- Directed by: John Baxter
- Written by: Geoffrey Orme
- Produced by: John Baxter; Barbara K. Emary;
- Starring: The Artemus Boys; Terry Randall; Patric Curwen; Michael Aldridge;
- Cinematography: Jo Jago
- Edited by: Vi Burdon
- Music by: Kennedy Russell
- Production company: John Baxter Productions
- Distributed by: British Lion
- Release date: 29 January 1948;
- Running time: 73 minutes
- Country: United Kingdom
- Language: English

= Nothing Venture =

Nothing Venture is a 1948 British comedy family film directed by John Baxter and starring The Artemus Boys, Terry Randall, Patric Curwen and Michael Aldridge. It was written by Geoffrey Orme.

==Plot==
When rescuing horserider Diana Chaice, whose horse was startled by a gunshot, the Artemus Boys stumble on a plot to steal the plans for a secret ray invented by her father.

==Cast==
- The Artemus Boys as themselves
- Terry Randall as Diana Chaice
- Patric Curwen as the author
- Michael Aldridge as Michael Garrod
- Paul Blake as the boss
- Wilfrid Caithness as the professor
- Howard Douglas as Badger
- Ben Williams as Spike
- Peter Gawthorne as Scotland Yard official
- Jack Simpson and his Sextet as themselves
- Ronne Coyles as boy
- Arthur Denton as hotel porter
- Alfred Harris as hotel guest
- Maureen Morton as singer

==Reception==
The Monthly Film Bulletin wrote: "The story is very Boys' Own Paper stuff, and relies on a series of somewhat improbable happenings for its smooth running, but no doubt it will make a big hit with juvenile audiences whose critical faculty is not too strongly developed! The Artemus Boys give a good account of themselves, and quite outshine, in acting ability, the grown-up members of the cast."

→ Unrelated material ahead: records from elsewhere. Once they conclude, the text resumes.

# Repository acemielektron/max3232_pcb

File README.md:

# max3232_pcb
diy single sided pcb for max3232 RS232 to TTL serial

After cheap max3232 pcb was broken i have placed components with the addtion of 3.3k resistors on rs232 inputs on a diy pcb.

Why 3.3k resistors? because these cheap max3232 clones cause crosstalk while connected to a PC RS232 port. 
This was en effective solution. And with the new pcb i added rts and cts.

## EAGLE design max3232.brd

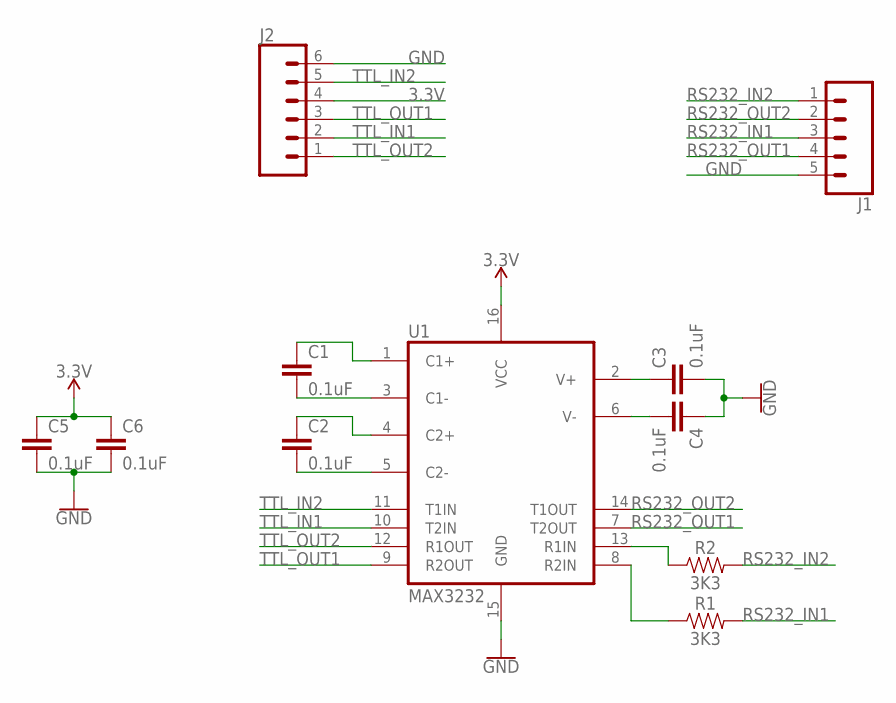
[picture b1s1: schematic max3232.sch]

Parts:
C1, C2, C3, C4, C5, C6: 0.1uF; 0805
J1: CONN_05; 1X05
J2: CONN_06SILK_FEMALE_PTH; 1X06
R1, R2: 3K3; 1206
U1: MAX3232; SO16

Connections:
3.3V: C5.1, C6.1, J2.4, U1.16 (VCC)
GND: C3.2, C4.1, C5.2, C6.2, J1.5, J2.6, U1.15 (GND)
unnamed: C3.1, U1.2 (V+)
unnamed: C1.2, U1.3 (C1-)
unnamed: C1.1, U1.1 (C1+)
unnamed: C2.2, U1.5 (C2-)
unnamed: C2.1, U1.4 (C2+)
unnamed: C4.2, U1.6 (V-)
unnamed: R2.1, U1.13 (R1IN)
unnamed: R1.1, U1.8 (R2IN)
RS232_IN1: J1.3, R1.2
RS232_IN2: J1.1, R2.2
RS232_OUT1: J1.4, U1.7 (T2OUT)
RS232_OUT2: J1.2, U1.14 (T1OUT)
TTL_IN1: J2.2, U1.10 (T2IN)
TTL_IN2: J2.5, U1.11 (T1IN)
TTL_OUT1: J2.3, U1.9 (R2OUT)
TTL_OUT2: J2.1, U1.12 (R1OUT)

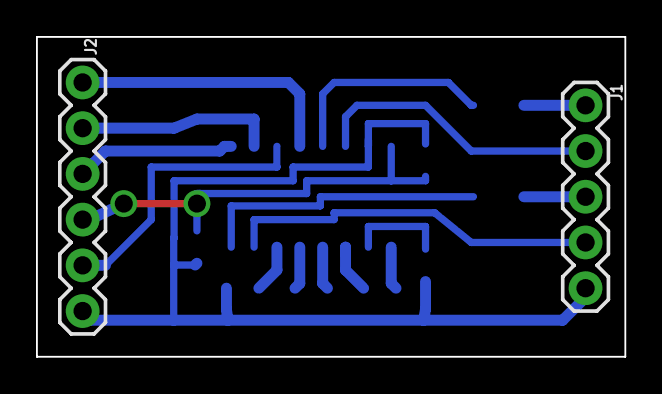
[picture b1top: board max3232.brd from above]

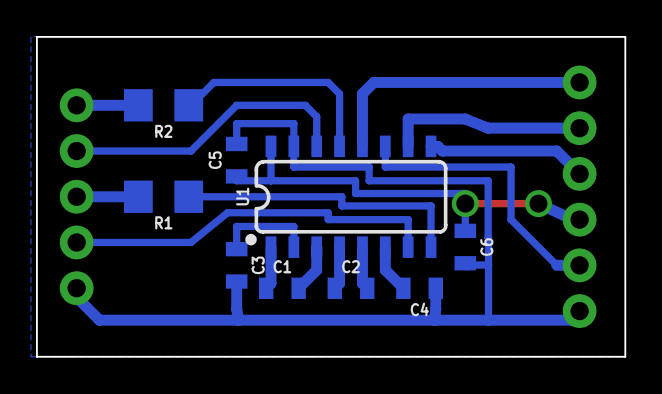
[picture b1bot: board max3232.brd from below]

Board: 2 copper layers, 32.7 x 17.8 mm, 11 parts (9 on the bottom side), 18 nets.

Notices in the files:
parts and their libraries:
SparkFun-Capacitors: Licensing: Creative Commons ShareAlike 4.0 International - https://creativecommons.org/licenses/by-sa/4.0

Kine Weekly wrote: "The pictorial aspect of the film is delightful, but unfortunately its charming English exteriors are mot enough. The plot intrigues for a time, but its serial-like finale which follows a day at the races causes it to run to length and destroys much of its early fragrance and jolly spirit of adventure. Unless cut, it's likely to tax the patience of average adult audiences."